Tennyson, In Memoriam, XLV—“The baby new to earth and sky, What time his tender palm is pressed Against the circle of the breast, Has never thought that ‘this is I’: But as he grows he gathers much, And learns the use of ‘I’ and ‘me,’ And finds ‘I am not what I see, And other than the things I touch.’ So rounds he to a separate mind From whence clear memory may begin, As thro' the frame that binds him in His isolation grows defined.” Fichte called that the birthday of his child, when the child awoke to self-consciousness and said “I.” Memory goes back no further than language. Knowledge of the ego is objective, before it is subjective. The child at first speaks of himself in the third person: “Henry did so and so.” Hence most men do not remember what happened before their third year, though Samuel Miles Hopkins, Memoir, 20, remembered what must have happened when he was only 23 months old. Only a conscious person remembers, and he remembers only as his will exerts itself in attention.
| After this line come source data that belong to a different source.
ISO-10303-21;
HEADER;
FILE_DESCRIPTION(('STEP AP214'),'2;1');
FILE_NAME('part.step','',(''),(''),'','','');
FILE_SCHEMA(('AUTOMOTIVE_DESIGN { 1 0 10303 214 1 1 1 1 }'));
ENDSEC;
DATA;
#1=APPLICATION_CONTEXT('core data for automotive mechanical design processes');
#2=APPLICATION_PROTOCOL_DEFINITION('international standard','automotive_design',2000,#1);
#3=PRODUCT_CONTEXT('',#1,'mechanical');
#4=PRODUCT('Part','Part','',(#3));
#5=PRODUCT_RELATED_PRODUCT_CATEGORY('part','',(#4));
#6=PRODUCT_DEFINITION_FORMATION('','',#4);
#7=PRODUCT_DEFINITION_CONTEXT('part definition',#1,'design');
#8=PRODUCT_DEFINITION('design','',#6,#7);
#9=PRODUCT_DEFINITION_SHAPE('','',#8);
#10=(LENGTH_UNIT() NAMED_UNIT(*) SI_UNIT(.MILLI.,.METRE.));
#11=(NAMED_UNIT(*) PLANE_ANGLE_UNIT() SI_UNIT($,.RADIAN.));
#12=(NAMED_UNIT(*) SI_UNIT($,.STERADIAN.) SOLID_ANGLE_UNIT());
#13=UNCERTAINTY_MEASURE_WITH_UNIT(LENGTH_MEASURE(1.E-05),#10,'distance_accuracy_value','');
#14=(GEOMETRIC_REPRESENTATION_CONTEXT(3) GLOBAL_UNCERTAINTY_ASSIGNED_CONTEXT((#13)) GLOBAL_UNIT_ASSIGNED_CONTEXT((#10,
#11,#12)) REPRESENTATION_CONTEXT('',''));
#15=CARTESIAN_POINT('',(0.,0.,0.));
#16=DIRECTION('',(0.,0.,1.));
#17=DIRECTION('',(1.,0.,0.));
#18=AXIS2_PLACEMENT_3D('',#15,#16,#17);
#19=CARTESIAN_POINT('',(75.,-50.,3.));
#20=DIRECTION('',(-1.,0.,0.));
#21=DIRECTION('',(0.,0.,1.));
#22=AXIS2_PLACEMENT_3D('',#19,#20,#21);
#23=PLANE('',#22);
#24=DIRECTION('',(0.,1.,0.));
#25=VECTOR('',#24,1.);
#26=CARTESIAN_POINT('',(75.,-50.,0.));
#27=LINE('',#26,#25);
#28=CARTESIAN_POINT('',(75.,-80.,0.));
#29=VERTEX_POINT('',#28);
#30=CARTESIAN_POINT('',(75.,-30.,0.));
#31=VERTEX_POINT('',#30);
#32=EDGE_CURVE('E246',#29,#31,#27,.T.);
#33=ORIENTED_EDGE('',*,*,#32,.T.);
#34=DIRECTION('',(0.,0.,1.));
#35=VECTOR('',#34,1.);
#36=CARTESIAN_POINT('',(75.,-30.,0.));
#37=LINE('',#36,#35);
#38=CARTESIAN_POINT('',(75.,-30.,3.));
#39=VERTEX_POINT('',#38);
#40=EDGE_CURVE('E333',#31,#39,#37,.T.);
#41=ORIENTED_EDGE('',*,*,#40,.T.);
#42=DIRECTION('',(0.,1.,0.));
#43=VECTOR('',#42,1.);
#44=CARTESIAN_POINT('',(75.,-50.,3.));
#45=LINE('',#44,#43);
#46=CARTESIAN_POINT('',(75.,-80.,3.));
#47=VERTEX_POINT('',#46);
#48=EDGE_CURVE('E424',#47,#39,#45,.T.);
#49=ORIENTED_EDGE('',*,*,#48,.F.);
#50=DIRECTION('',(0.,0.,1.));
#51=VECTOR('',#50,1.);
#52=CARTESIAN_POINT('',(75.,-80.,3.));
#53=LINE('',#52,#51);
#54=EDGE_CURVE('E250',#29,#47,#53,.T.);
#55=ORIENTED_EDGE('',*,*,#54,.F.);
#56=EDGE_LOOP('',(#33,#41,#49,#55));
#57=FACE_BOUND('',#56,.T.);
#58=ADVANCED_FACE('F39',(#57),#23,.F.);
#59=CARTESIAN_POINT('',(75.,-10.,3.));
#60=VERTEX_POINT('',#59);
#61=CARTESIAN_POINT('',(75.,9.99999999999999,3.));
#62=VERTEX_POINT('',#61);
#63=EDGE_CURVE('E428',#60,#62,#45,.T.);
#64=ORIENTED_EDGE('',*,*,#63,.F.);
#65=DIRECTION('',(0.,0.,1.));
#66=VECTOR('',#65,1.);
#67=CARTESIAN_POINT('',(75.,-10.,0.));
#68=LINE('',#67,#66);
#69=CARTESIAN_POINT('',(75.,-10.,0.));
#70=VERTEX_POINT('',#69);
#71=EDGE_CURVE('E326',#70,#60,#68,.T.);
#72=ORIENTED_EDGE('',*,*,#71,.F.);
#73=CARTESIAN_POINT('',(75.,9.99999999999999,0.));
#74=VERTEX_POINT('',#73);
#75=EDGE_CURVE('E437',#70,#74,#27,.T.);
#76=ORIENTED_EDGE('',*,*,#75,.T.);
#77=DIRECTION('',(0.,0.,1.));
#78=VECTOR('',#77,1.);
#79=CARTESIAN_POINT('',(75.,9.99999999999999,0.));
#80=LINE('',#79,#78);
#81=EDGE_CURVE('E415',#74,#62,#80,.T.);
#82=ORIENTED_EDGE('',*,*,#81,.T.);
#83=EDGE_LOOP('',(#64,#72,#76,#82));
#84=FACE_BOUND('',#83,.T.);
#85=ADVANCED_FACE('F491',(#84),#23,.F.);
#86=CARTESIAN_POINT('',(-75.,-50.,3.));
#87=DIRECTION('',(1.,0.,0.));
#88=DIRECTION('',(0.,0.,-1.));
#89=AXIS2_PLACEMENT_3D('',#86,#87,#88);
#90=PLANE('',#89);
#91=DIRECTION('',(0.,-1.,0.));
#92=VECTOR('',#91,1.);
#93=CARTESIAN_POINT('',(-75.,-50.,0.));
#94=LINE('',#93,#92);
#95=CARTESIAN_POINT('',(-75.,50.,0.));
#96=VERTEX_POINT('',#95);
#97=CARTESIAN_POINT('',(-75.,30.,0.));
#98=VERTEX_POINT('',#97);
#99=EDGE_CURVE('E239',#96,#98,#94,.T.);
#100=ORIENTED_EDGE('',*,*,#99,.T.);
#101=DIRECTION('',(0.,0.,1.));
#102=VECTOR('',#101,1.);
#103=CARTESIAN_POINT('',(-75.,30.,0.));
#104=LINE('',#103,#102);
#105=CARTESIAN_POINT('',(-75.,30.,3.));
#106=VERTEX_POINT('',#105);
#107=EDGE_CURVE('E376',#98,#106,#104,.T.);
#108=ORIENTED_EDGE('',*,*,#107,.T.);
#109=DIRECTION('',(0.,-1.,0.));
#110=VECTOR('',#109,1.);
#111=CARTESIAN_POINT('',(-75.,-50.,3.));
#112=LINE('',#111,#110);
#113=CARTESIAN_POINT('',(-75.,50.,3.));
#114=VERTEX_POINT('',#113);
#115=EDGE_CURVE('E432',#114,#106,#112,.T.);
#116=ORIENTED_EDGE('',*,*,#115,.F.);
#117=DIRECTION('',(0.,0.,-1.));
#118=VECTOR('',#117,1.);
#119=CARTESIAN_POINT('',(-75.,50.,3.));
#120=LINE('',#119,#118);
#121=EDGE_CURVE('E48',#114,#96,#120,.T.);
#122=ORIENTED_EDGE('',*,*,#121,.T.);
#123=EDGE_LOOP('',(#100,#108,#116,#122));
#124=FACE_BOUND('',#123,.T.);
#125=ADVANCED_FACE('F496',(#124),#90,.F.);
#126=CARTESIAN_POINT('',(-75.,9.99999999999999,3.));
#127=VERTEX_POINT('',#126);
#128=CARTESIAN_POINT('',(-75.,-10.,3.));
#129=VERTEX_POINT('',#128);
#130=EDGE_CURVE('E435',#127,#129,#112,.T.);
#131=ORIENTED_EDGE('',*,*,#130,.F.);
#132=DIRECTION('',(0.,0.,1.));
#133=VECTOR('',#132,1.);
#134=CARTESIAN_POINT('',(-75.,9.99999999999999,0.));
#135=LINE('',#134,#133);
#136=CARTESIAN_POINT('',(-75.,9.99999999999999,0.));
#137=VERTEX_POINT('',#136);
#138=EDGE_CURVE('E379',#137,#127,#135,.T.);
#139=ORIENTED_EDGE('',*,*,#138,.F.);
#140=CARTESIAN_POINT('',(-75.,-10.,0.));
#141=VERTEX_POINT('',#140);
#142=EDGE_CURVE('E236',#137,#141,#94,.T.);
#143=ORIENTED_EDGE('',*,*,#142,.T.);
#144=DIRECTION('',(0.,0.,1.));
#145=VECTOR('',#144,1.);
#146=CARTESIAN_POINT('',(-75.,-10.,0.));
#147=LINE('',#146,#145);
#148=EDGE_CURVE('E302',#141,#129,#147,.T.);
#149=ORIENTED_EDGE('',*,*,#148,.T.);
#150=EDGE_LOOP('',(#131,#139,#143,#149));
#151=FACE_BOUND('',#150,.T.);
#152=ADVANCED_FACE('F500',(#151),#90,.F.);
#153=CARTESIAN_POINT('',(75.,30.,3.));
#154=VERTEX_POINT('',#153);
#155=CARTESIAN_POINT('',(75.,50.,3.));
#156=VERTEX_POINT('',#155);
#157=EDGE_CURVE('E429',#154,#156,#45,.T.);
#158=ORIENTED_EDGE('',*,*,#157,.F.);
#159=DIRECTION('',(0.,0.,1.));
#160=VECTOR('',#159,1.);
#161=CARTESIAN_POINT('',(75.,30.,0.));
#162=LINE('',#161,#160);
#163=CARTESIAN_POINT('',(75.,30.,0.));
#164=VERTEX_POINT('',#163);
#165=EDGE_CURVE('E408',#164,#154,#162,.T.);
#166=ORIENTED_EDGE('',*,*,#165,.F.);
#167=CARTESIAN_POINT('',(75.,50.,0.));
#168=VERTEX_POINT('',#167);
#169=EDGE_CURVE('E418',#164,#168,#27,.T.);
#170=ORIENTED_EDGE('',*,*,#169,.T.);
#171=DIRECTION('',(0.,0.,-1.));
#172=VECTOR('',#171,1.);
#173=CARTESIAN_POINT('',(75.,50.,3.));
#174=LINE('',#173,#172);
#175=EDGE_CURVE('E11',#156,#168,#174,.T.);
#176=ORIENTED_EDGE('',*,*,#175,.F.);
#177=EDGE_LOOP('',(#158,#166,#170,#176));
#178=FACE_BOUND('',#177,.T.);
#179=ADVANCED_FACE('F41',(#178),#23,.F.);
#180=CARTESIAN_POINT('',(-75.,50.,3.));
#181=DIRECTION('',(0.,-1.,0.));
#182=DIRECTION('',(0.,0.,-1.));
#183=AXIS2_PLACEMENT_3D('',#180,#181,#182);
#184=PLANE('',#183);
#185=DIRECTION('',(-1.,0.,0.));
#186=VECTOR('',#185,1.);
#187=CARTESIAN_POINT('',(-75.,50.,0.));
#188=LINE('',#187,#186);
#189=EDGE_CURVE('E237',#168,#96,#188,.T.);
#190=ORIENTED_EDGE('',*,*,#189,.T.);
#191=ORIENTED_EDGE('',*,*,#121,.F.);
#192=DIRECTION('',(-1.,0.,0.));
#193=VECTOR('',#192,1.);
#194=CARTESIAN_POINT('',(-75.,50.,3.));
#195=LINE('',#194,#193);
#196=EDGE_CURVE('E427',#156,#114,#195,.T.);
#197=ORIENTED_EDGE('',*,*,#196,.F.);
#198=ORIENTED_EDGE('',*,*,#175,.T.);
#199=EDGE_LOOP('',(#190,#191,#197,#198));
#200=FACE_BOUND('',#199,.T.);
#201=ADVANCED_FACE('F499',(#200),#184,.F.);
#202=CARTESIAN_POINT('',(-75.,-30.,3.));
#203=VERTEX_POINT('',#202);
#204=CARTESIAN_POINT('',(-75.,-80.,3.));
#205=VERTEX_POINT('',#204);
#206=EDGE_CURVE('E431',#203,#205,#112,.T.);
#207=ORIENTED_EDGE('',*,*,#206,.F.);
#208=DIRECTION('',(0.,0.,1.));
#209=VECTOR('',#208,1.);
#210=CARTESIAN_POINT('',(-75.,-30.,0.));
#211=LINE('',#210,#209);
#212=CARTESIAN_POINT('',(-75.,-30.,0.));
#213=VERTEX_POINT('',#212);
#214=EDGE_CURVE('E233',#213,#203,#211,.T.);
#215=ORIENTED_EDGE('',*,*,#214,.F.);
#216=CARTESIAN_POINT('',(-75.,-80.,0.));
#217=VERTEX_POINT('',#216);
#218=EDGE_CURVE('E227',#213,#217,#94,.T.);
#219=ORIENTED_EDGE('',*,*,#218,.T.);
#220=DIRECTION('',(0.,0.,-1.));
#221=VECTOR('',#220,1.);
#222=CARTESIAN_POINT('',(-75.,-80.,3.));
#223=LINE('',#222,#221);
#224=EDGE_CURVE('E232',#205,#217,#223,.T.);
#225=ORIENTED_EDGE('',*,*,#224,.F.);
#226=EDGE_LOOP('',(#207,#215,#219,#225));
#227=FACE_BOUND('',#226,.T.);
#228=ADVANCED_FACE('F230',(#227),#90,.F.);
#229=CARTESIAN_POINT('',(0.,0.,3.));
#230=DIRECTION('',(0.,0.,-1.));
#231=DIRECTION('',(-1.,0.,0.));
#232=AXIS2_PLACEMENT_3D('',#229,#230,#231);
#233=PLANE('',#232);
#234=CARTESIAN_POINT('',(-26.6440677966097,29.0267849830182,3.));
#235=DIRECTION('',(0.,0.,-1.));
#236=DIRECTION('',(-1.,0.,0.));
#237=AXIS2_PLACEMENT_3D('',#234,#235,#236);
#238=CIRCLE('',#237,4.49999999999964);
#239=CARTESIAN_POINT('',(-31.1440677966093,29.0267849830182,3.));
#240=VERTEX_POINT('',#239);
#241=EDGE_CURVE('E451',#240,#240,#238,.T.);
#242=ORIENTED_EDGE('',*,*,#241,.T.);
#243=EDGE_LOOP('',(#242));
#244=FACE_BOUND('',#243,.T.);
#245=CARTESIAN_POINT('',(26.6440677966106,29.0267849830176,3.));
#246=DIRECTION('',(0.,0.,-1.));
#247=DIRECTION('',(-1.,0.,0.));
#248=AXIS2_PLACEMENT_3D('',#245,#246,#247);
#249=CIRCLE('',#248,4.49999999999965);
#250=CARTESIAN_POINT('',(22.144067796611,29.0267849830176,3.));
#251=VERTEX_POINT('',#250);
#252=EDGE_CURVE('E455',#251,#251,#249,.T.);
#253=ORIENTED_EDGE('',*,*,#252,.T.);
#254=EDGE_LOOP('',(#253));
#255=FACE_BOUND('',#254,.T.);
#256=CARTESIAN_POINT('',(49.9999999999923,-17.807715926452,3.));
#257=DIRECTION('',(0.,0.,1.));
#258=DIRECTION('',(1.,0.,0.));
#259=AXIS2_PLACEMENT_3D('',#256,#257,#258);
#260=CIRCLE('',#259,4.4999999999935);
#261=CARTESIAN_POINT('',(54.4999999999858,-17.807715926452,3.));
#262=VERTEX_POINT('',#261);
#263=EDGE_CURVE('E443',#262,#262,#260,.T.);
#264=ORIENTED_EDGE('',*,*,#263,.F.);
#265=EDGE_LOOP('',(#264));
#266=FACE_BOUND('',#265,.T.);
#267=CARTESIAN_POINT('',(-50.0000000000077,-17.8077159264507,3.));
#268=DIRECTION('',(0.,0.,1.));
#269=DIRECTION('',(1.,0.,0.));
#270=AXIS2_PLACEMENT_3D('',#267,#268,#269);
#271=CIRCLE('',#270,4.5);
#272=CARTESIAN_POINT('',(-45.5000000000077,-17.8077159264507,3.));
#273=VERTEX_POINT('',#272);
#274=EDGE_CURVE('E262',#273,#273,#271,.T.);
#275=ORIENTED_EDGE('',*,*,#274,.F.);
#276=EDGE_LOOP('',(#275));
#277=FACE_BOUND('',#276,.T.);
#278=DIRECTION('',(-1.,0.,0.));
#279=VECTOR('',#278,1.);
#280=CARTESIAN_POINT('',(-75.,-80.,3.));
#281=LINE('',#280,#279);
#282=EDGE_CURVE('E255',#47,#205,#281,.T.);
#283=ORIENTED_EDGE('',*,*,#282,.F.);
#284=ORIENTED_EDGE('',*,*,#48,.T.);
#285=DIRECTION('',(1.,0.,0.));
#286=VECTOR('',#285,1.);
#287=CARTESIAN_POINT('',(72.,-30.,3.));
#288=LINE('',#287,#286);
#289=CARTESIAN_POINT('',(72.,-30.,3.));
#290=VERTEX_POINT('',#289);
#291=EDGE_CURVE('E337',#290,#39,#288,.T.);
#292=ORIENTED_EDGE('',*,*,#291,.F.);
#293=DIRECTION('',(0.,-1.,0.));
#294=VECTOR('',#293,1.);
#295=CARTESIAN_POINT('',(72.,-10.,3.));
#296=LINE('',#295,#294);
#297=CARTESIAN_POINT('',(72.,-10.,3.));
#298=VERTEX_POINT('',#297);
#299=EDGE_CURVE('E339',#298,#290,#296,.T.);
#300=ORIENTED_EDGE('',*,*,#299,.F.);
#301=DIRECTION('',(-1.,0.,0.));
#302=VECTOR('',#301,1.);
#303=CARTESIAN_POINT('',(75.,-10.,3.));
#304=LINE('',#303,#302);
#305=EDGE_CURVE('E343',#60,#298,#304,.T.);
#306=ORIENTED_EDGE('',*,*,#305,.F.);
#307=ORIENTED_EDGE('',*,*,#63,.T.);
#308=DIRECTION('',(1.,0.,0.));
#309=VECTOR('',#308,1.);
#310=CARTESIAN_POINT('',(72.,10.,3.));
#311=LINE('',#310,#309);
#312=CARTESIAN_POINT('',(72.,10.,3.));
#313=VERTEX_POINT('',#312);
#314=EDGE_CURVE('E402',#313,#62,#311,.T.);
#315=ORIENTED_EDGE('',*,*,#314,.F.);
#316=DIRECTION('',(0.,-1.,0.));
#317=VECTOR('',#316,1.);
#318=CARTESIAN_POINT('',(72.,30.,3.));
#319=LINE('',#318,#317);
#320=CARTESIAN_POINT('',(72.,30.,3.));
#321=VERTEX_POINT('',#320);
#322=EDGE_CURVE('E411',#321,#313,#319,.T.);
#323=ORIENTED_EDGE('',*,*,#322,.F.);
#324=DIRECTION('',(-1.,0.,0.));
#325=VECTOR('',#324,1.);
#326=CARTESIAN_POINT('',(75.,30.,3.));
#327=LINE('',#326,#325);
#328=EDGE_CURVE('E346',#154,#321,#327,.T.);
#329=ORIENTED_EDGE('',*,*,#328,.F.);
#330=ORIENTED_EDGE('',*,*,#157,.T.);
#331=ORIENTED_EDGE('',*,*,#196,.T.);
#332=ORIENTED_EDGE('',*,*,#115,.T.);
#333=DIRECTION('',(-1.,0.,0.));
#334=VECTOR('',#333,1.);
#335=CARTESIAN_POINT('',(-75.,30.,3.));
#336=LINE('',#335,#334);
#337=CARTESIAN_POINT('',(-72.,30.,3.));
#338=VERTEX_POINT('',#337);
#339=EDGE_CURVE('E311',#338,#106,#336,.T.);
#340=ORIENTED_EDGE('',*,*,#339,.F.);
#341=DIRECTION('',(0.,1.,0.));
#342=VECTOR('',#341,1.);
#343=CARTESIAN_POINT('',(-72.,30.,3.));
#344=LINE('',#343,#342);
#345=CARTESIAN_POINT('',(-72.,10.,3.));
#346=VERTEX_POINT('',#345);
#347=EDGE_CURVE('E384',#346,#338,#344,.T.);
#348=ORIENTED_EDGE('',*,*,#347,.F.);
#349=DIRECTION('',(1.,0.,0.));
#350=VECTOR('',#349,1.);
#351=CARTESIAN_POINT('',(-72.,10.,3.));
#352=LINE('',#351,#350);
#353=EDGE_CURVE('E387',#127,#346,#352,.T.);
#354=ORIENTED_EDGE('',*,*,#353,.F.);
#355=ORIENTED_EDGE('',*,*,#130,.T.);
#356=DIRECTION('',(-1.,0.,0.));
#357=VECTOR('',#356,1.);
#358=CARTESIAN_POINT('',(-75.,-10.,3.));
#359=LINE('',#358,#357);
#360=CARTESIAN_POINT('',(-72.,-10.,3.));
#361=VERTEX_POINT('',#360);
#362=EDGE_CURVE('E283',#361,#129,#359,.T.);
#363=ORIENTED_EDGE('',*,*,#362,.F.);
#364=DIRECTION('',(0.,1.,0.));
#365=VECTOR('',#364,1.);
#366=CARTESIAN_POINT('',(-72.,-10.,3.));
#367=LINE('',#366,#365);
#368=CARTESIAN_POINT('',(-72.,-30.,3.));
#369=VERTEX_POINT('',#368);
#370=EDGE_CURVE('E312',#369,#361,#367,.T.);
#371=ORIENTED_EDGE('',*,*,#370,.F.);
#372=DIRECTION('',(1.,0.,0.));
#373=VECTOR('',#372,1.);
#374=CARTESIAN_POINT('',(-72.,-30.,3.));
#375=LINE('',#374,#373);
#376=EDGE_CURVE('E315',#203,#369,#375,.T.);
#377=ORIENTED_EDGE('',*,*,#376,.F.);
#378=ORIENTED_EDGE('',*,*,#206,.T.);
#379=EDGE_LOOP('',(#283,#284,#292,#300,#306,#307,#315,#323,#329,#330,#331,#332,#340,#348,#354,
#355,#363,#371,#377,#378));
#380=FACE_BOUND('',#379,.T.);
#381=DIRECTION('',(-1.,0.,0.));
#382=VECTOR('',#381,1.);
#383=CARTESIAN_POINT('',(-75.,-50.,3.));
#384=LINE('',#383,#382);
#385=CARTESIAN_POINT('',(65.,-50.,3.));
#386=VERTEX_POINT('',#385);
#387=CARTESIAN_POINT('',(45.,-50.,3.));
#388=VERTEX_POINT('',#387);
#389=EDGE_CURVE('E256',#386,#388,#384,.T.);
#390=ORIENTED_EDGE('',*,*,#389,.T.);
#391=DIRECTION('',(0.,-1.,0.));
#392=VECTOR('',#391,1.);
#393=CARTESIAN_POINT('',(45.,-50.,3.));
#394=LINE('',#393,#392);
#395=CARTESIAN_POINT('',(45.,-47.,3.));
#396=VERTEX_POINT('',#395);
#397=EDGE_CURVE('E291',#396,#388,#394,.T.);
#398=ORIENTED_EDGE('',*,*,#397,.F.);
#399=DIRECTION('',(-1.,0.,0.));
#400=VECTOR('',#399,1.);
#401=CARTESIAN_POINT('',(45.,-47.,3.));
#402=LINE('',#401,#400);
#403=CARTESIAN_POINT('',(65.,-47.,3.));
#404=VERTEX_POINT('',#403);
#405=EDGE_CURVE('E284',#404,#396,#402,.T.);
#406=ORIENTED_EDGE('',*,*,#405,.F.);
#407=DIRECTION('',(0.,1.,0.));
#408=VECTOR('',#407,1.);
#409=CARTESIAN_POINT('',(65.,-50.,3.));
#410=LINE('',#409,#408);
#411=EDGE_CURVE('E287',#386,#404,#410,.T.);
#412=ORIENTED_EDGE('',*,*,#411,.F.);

Jean Paul Richter, quoted in Ladd, Philosophy of Mind, 110—“Never shall I forget the phenomenon in myself, never till now recited, when I stood by the birth of my own self-consciousness, the place and time of which are distinct in my memory. On a certain forenoon, I stood, a very young child, within the house-door, and was looking out toward the wood-pile, as in an instant the inner revelation ‘I am I,’ like lightning from heaven, flashed and stood brightly before me; in that moment I had seen myself as I, for the first time and forever.”

Höffding, Outlines of Psychology, 3—“The beginning of conscious life is to be placed probably before birth.... Sensations only faintly and dimly distinguished from the general feeling of vegetative comfort and discomfort. Still the experiences undergone before birth perhaps suffice to form the foundation of the consciousness of an external world.” Hill, Genetic Philosophy, 282, suggests that this early state, in which the child speaks of self in the third person and is devoid of self-consciousness, corresponds to the brute condition of the race, before it had reached self-consciousness, attained language, and become man. In the race, however, there was no heredity to predetermine self-consciousness—it was a new acquisition, marking transition to a superior order of being.